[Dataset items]
* * * * * * * * *

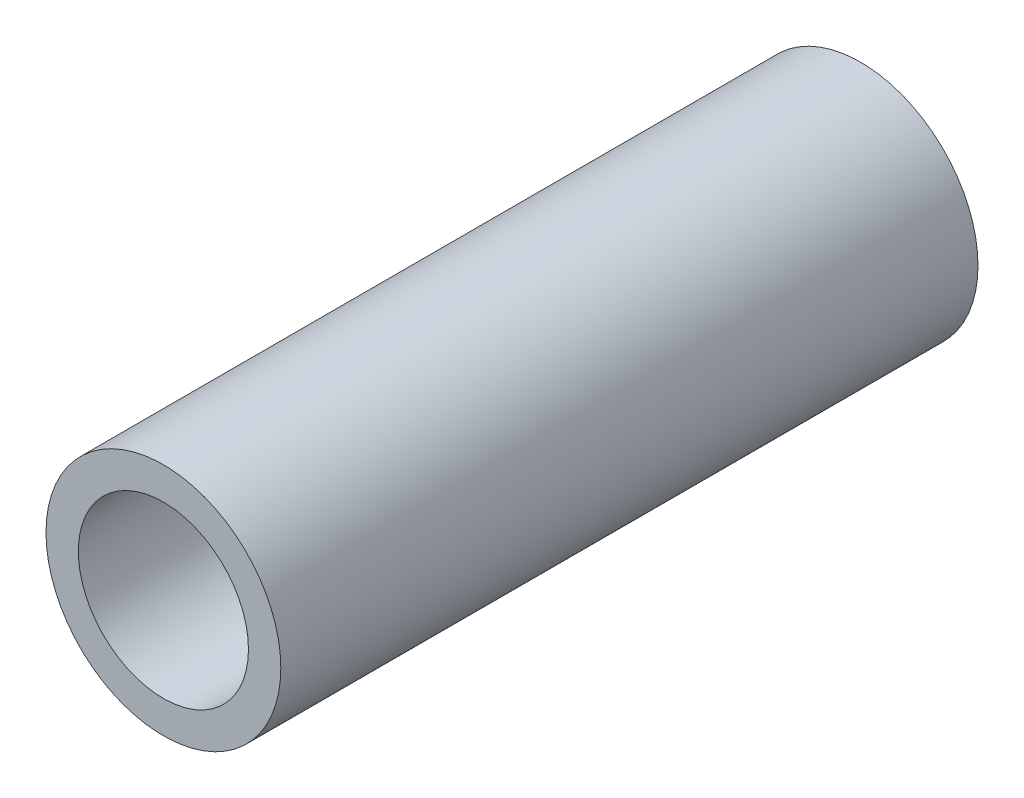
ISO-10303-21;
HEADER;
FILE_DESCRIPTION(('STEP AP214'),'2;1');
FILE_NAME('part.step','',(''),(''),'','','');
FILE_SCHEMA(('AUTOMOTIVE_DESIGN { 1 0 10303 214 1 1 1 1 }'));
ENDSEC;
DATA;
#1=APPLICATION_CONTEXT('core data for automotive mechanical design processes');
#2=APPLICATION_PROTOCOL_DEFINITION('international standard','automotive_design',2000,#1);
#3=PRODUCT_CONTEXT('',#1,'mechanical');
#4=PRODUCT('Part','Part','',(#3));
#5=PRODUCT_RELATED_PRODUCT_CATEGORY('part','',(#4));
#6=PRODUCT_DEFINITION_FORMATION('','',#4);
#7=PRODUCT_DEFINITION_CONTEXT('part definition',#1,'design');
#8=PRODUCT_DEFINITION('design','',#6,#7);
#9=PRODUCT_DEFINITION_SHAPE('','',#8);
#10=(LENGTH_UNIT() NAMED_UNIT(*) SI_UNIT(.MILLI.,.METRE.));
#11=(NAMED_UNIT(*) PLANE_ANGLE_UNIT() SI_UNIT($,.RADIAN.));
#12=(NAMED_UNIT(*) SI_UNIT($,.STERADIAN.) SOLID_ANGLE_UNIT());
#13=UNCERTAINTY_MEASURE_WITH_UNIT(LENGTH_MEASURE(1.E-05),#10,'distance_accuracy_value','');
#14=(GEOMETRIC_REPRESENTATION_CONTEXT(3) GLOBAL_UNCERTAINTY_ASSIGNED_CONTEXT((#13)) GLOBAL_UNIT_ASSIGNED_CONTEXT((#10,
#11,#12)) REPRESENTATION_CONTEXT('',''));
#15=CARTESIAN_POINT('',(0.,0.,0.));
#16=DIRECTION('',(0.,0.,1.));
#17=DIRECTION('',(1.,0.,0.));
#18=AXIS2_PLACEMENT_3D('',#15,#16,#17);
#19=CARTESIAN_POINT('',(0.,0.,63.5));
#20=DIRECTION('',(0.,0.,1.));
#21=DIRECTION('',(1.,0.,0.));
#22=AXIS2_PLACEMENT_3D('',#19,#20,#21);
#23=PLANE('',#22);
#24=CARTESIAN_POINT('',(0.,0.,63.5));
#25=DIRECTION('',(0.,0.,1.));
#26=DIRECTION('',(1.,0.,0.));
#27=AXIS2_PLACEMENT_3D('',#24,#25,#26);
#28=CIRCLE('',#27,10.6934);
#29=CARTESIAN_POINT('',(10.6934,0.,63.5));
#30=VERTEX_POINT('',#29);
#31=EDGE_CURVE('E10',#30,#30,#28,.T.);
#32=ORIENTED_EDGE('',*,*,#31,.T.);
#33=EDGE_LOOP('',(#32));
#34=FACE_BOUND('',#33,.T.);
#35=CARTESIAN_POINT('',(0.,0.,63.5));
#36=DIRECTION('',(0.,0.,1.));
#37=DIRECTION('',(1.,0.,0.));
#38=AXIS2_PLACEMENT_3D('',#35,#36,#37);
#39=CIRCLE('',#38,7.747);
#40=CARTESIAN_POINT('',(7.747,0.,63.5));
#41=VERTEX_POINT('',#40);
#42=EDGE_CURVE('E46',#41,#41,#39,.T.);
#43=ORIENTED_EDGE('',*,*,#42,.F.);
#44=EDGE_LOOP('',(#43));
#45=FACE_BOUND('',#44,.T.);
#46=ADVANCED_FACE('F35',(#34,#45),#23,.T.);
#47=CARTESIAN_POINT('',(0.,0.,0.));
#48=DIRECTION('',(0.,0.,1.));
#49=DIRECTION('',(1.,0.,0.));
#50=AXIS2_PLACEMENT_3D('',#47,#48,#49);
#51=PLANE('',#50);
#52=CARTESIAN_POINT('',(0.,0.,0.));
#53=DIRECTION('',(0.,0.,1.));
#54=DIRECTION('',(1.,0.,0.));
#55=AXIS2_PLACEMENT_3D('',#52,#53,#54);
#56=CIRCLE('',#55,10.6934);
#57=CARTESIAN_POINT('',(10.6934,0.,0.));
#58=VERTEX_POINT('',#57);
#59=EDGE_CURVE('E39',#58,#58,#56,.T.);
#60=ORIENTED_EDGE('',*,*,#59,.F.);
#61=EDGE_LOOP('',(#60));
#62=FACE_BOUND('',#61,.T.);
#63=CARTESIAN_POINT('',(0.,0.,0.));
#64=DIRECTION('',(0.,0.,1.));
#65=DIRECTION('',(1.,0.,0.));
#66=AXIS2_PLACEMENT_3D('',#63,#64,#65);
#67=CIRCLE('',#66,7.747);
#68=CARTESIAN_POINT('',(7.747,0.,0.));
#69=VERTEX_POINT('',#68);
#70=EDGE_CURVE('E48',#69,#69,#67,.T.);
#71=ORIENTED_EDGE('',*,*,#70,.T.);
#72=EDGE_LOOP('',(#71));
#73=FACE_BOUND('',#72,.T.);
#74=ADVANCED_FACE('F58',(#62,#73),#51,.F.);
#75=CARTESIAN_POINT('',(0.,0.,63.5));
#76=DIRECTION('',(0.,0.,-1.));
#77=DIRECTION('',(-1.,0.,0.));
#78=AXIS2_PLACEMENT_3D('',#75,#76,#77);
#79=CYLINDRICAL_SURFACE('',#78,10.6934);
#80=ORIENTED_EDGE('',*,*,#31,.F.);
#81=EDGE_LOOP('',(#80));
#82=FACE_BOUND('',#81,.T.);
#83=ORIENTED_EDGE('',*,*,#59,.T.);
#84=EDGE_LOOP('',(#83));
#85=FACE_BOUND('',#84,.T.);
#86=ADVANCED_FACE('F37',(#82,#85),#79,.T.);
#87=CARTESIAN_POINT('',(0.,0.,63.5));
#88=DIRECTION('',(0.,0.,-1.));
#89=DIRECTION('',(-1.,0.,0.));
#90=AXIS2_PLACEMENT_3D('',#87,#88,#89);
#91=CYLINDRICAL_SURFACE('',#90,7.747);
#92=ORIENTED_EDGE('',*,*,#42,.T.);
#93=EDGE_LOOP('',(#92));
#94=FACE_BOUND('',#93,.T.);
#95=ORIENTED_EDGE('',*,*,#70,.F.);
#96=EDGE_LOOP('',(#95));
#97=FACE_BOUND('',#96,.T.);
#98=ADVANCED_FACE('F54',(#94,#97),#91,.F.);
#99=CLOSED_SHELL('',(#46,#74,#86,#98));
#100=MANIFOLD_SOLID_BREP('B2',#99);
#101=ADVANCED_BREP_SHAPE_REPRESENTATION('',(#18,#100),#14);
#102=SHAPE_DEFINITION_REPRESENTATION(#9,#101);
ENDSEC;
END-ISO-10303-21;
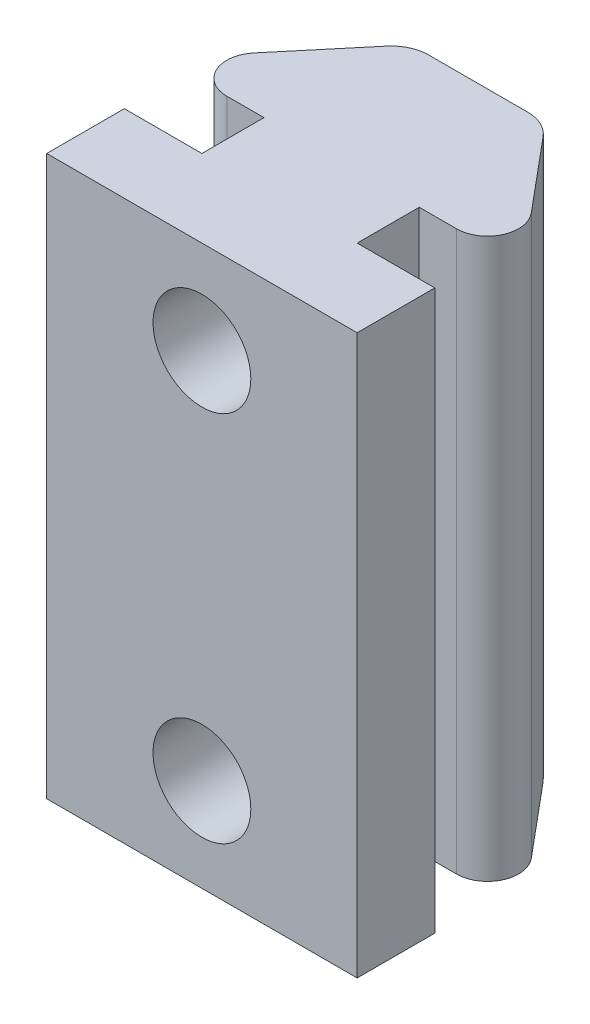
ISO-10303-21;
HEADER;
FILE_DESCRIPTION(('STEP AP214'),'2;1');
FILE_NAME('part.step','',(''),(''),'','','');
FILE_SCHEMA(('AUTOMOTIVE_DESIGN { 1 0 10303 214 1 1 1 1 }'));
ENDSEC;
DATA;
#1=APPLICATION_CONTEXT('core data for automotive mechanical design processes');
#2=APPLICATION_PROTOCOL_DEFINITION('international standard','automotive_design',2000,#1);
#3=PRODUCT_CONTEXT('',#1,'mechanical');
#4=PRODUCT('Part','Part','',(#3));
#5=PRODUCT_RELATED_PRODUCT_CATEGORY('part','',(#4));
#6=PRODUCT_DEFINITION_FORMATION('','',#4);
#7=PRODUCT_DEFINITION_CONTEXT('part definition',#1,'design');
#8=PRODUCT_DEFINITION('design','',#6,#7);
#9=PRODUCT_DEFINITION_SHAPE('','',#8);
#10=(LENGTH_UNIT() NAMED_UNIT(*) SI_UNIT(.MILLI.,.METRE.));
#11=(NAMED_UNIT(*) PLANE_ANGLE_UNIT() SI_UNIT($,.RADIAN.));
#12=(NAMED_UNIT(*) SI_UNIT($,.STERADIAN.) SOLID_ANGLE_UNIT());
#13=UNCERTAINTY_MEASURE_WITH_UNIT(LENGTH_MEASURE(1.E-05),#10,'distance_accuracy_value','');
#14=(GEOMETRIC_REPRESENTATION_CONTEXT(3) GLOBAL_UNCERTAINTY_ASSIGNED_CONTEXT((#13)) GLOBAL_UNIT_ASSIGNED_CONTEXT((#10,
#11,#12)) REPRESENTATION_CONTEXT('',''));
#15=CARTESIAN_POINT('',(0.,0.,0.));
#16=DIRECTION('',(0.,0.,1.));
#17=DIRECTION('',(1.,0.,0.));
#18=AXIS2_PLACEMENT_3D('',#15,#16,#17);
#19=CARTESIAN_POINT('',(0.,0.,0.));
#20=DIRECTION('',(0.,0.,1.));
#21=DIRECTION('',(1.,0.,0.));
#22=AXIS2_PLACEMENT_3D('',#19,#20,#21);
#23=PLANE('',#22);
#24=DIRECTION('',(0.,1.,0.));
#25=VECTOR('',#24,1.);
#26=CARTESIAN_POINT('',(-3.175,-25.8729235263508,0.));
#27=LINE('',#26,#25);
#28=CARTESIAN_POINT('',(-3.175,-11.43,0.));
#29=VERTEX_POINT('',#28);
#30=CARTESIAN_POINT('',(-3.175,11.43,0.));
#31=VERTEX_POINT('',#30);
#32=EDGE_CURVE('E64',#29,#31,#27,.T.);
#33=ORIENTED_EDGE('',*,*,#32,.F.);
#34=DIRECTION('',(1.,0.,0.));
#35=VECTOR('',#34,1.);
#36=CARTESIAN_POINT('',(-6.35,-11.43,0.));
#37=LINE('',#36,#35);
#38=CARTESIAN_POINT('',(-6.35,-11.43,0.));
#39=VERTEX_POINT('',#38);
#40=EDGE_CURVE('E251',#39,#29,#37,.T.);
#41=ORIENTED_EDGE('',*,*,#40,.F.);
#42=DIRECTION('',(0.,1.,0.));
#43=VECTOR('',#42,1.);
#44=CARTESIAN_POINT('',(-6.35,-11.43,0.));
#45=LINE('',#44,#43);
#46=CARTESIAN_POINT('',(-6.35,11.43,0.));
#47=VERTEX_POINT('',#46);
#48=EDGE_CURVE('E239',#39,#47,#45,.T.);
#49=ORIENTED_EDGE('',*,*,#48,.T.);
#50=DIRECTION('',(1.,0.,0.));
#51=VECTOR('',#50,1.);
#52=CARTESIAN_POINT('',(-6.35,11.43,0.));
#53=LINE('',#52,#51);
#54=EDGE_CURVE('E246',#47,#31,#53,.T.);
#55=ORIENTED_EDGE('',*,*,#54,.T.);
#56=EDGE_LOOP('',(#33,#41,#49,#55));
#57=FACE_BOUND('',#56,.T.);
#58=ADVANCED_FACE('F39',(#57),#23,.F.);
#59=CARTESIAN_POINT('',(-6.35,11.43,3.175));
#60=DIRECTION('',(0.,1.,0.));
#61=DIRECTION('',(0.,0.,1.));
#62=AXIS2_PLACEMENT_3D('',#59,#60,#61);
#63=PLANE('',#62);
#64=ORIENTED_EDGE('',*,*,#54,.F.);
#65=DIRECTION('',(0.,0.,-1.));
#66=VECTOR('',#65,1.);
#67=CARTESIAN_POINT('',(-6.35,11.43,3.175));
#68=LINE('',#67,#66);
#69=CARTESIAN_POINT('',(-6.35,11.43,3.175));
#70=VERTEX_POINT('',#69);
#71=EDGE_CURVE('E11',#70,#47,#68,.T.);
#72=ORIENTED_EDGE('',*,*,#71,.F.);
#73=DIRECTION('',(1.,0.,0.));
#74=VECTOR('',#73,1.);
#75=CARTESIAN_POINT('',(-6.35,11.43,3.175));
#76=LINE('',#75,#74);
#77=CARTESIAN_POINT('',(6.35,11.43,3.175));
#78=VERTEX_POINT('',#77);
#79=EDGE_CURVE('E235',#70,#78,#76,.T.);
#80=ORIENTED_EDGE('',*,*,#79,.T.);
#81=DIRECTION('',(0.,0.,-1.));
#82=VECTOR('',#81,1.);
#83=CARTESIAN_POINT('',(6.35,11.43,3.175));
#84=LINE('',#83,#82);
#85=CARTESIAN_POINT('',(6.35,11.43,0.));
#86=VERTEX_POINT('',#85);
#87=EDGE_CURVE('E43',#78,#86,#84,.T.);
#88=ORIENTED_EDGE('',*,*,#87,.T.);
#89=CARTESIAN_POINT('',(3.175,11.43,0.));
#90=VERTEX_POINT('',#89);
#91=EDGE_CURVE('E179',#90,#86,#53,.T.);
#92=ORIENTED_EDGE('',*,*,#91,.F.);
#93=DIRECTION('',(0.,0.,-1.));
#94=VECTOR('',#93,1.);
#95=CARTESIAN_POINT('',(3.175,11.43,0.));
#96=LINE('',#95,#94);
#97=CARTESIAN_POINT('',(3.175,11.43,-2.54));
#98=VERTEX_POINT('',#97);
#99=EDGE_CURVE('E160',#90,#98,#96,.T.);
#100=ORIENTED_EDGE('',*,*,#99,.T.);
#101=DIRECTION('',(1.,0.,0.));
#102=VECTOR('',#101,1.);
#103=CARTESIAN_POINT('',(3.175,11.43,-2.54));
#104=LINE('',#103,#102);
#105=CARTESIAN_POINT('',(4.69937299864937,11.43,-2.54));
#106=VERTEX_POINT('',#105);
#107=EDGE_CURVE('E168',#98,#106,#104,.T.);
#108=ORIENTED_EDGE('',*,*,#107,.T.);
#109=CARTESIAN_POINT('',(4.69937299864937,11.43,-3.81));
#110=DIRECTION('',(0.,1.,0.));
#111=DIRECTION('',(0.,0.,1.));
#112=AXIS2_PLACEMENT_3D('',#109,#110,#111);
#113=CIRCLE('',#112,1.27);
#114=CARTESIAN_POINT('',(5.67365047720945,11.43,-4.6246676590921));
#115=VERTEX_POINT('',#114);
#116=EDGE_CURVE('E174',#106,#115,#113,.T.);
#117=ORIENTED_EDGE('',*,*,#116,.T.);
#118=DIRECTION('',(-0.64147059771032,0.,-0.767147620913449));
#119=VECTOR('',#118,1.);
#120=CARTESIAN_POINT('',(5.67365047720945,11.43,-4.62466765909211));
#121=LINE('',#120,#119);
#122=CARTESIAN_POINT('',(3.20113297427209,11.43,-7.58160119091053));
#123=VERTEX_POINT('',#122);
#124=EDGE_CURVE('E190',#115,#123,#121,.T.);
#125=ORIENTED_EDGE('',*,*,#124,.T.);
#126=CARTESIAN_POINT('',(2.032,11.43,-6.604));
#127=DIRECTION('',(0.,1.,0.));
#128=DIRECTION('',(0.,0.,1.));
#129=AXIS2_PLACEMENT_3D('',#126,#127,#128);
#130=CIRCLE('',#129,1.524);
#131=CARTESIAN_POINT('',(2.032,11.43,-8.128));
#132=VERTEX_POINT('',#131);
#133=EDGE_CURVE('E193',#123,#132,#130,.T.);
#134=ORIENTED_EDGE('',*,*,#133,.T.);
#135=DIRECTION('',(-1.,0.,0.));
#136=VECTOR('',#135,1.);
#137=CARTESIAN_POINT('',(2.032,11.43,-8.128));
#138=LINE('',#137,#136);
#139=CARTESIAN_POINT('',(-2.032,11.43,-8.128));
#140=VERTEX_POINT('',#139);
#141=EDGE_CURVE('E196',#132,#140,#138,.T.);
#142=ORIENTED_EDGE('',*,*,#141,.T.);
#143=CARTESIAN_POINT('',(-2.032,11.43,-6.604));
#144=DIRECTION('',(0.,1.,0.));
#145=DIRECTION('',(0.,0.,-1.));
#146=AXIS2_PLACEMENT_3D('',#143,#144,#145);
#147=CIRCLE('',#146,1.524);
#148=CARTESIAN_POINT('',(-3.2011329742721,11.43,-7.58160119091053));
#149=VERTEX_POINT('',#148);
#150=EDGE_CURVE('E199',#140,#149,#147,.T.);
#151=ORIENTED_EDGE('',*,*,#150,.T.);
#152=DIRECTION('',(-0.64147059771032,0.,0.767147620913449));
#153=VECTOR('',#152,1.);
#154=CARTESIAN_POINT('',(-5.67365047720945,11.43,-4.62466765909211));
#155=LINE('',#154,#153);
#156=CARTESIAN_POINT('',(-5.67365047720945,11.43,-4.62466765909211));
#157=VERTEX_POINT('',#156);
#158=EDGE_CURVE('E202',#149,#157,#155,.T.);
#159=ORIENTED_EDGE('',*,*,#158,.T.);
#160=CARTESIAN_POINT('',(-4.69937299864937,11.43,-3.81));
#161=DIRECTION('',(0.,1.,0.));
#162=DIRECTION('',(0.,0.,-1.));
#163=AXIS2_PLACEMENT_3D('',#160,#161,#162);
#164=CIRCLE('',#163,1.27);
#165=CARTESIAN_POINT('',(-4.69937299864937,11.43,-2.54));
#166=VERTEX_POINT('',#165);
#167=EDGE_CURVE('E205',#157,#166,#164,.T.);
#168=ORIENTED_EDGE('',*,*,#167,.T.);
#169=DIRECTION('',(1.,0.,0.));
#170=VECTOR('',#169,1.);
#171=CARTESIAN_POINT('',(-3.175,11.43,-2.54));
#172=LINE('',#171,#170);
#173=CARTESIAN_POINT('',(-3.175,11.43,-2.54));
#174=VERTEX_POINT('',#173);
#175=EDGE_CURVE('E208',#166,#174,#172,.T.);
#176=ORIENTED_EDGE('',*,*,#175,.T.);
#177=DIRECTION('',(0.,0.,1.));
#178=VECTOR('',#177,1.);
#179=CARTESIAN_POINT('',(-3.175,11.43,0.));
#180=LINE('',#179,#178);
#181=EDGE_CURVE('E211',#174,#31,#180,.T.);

* * * * * * * * *

## TASK TO CARRY OUT:
Reproduce, character for character, only the lines of the preceding data that start at the line with "#94=VECTOR('',#93,1.);" and end at the line with "#133=EDGE_CURVE('E193',#123,#132,#130,.T.);", both included.

## REPLY TO THE TASK:
#94=VECTOR('',#93,1.);
#95=CARTESIAN_POINT('',(3.175,11.43,0.));
#96=LINE('',#95,#94);
#97=CARTESIAN_POINT('',(3.175,11.43,-2.54));
#98=VERTEX_POINT('',#97);
#99=EDGE_CURVE('E160',#90,#98,#96,.T.);
#100=ORIENTED_EDGE('',*,*,#99,.T.);
#101=DIRECTION('',(1.,0.,0.));
#102=VECTOR('',#101,1.);
#103=CARTESIAN_POINT('',(3.175,11.43,-2.54));
#104=LINE('',#103,#102);
#105=CARTESIAN_POINT('',(4.69937299864937,11.43,-2.54));
#106=VERTEX_POINT('',#105);
#107=EDGE_CURVE('E168',#98,#106,#104,.T.);
#108=ORIENTED_EDGE('',*,*,#107,.T.);
#109=CARTESIAN_POINT('',(4.69937299864937,11.43,-3.81));
#110=DIRECTION('',(0.,1.,0.));
#111=DIRECTION('',(0.,0.,1.));
#112=AXIS2_PLACEMENT_3D('',#109,#110,#111);
#113=CIRCLE('',#112,1.27);
#114=CARTESIAN_POINT('',(5.67365047720945,11.43,-4.6246676590921));
#115=VERTEX_POINT('',#114);
#116=EDGE_CURVE('E174',#106,#115,#113,.T.);
#117=ORIENTED_EDGE('',*,*,#116,.T.);
#118=DIRECTION('',(-0.64147059771032,0.,-0.767147620913449));
#119=VECTOR('',#118,1.);
#120=CARTESIAN_POINT('',(5.67365047720945,11.43,-4.62466765909211));
#121=LINE('',#120,#119);
#122=CARTESIAN_POINT('',(3.20113297427209,11.43,-7.58160119091053));
#123=VERTEX_POINT('',#122);
#124=EDGE_CURVE('E190',#115,#123,#121,.T.);
#125=ORIENTED_EDGE('',*,*,#124,.T.);
#126=CARTESIAN_POINT('',(2.032,11.43,-6.604));
#127=DIRECTION('',(0.,1.,0.));
#128=DIRECTION('',(0.,0.,1.));
#129=AXIS2_PLACEMENT_3D('',#126,#127,#128);
#130=CIRCLE('',#129,1.524);
#131=CARTESIAN_POINT('',(2.032,11.43,-8.128));
#132=VERTEX_POINT('',#131);
#133=EDGE_CURVE('E193',#123,#132,#130,.T.);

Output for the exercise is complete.